The bartender smiled his approval
at each of our choices and then,
when I wasn’t looking, wrote his
phone number in Catalan
in the apricot sauce surrounding
my wife’s dessert. We felt fortunate
to be seated at all. The wall outside
was pitted with bullet-holes where larger
parties with dimmer prospects were lined up
and shot to save them the trouble
of waiting. In the small cemetery,
headstones were painted Sky Blue and Burnt Umber.
One of the epitaphs read, “Smith, party of 6.”
|
Clean
Rinse the face and hands
in gasoline, dust your skin
with a mixture of ash
and powdered bone.
These are the protocols.
The light inside
the 5-Points Laundromat
where absolution can
be purchased for around
$3 in quarters
is tired and grimy
old-vellum yellow.
Another pilgrim
is fumbling at the door
shoving his hands
through the mail slot
and rattling the latch.
He’s gasping as though
every in-drawn breath
is his first, as though
he’s constantly waking
from a deep sleep.
|
Natural History
Megatherium rears up on massive haunches
and peers through the glass
glass-bead eyes glittering with glum resignation.
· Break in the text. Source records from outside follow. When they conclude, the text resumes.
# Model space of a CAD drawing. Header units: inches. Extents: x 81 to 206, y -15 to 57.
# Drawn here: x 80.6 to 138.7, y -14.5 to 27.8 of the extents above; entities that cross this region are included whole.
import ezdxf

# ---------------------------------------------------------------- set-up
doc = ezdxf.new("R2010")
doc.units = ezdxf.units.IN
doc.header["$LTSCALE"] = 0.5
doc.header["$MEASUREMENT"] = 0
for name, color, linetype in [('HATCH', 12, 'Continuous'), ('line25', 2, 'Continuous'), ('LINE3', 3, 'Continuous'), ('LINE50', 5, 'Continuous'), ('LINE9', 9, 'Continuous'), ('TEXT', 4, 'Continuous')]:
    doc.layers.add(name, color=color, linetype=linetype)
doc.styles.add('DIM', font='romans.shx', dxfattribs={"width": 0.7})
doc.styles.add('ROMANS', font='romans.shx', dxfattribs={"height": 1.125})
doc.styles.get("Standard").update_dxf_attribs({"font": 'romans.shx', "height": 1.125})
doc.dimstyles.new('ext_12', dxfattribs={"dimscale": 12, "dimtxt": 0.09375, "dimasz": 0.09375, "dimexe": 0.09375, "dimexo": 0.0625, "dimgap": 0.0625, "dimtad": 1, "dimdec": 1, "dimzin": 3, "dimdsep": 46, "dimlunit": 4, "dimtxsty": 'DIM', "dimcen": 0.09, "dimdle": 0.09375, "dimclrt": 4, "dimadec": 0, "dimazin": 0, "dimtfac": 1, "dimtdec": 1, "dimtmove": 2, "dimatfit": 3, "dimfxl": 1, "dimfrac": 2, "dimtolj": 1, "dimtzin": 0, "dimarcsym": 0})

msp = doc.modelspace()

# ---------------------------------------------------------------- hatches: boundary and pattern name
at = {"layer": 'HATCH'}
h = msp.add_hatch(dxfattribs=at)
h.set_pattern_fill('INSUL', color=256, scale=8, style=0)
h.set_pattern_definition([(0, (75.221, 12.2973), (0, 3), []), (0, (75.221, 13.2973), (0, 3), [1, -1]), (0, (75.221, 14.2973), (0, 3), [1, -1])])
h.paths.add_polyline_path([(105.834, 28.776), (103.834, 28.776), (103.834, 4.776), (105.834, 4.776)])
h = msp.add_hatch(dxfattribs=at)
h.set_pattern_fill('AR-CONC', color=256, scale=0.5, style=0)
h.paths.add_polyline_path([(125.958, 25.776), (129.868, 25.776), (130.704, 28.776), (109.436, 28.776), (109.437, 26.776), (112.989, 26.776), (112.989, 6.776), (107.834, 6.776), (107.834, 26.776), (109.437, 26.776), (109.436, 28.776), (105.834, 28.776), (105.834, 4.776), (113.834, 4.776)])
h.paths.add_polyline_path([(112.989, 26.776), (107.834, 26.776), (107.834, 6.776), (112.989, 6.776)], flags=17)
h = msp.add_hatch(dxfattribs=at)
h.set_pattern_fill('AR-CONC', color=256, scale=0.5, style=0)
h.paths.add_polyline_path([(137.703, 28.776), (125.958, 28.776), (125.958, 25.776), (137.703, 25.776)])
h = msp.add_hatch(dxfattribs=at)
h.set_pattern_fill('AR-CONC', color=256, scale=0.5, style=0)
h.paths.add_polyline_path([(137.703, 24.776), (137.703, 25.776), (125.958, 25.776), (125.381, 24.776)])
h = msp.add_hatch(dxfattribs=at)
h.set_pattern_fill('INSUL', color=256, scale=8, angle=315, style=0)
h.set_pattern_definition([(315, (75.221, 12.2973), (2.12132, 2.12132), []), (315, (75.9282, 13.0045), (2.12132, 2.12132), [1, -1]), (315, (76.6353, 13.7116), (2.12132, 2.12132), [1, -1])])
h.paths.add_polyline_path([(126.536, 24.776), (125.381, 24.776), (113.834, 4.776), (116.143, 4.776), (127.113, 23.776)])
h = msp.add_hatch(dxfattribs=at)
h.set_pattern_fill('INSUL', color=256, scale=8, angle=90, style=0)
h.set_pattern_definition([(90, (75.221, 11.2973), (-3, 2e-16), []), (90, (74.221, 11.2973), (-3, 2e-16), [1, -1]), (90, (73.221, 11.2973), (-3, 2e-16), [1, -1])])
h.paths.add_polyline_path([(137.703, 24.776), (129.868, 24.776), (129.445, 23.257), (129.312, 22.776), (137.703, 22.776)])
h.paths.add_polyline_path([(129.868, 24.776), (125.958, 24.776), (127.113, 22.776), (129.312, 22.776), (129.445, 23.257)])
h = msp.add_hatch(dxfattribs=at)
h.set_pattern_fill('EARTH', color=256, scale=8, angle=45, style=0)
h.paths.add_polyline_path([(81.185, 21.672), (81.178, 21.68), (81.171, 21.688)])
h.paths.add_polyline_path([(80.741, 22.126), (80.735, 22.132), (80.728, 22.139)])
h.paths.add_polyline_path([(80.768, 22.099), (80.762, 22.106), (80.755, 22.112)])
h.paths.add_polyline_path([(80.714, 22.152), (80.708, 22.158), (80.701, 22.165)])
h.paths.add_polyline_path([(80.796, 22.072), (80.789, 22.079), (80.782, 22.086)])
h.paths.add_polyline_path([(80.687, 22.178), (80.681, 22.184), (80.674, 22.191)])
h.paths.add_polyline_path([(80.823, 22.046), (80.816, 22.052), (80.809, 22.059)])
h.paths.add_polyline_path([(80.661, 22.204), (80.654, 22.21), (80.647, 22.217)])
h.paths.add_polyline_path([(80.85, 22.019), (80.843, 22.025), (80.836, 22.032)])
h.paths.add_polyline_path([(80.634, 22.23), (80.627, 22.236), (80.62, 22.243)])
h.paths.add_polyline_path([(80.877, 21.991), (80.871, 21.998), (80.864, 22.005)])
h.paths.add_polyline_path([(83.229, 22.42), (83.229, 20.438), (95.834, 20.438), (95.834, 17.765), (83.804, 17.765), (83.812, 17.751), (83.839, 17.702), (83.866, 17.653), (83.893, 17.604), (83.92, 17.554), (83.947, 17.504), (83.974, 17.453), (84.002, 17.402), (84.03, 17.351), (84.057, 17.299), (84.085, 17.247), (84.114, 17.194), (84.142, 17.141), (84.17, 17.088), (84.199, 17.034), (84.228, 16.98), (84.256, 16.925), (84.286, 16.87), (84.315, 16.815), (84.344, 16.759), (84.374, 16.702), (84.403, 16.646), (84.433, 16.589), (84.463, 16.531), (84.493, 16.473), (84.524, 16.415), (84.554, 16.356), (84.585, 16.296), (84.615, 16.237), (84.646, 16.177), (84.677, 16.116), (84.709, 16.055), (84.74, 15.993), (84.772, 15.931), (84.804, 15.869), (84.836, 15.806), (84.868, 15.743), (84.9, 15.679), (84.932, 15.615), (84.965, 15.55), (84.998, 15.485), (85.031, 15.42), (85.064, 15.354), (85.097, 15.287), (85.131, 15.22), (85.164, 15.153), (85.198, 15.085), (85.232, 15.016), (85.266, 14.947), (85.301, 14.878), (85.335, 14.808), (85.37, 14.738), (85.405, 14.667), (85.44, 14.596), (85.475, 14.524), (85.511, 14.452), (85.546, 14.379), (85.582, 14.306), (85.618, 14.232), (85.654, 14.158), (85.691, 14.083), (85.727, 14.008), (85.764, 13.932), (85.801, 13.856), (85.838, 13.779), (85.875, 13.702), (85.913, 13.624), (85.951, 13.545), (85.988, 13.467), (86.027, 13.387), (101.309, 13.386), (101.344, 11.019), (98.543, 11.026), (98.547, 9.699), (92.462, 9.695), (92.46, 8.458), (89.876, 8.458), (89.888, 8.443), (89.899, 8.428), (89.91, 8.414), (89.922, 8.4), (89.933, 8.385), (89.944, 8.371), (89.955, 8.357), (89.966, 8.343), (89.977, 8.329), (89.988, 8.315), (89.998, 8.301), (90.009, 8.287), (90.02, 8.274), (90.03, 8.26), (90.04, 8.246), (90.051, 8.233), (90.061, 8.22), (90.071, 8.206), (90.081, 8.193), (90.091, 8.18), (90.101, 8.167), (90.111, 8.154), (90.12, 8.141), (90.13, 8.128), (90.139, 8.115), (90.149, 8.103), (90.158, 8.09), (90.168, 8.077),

In a nearby display a woman in a dirndl
is serving sauerbraten and home-made
root-beer. That which eludes memory
may be preserved. Our ancestors walked here
all the way from Siberia, or took the bus
from St. Louis. Barefoot, they could run down
the swift mule deer and kill them
with bare hands, although they preferred
to use slow-acting poison. They could
easily add long columns of figures
in their heads even while stinking drunk
and in flagrante delicto. Those things
that are corrosive to memory can only be
preserved. Each one built a tiny palace
of pale stone. I too am a heathen king who
embalms himself, then stays up nights
devising a fitting exhibit for his remains.
That which extinguishes memory must
be preserved. Our great liberator
was as thorough as he was industrious.
Every morning he took a moment to nail
a plaque to the wall above his bed
which read, “The great liberator slept here.”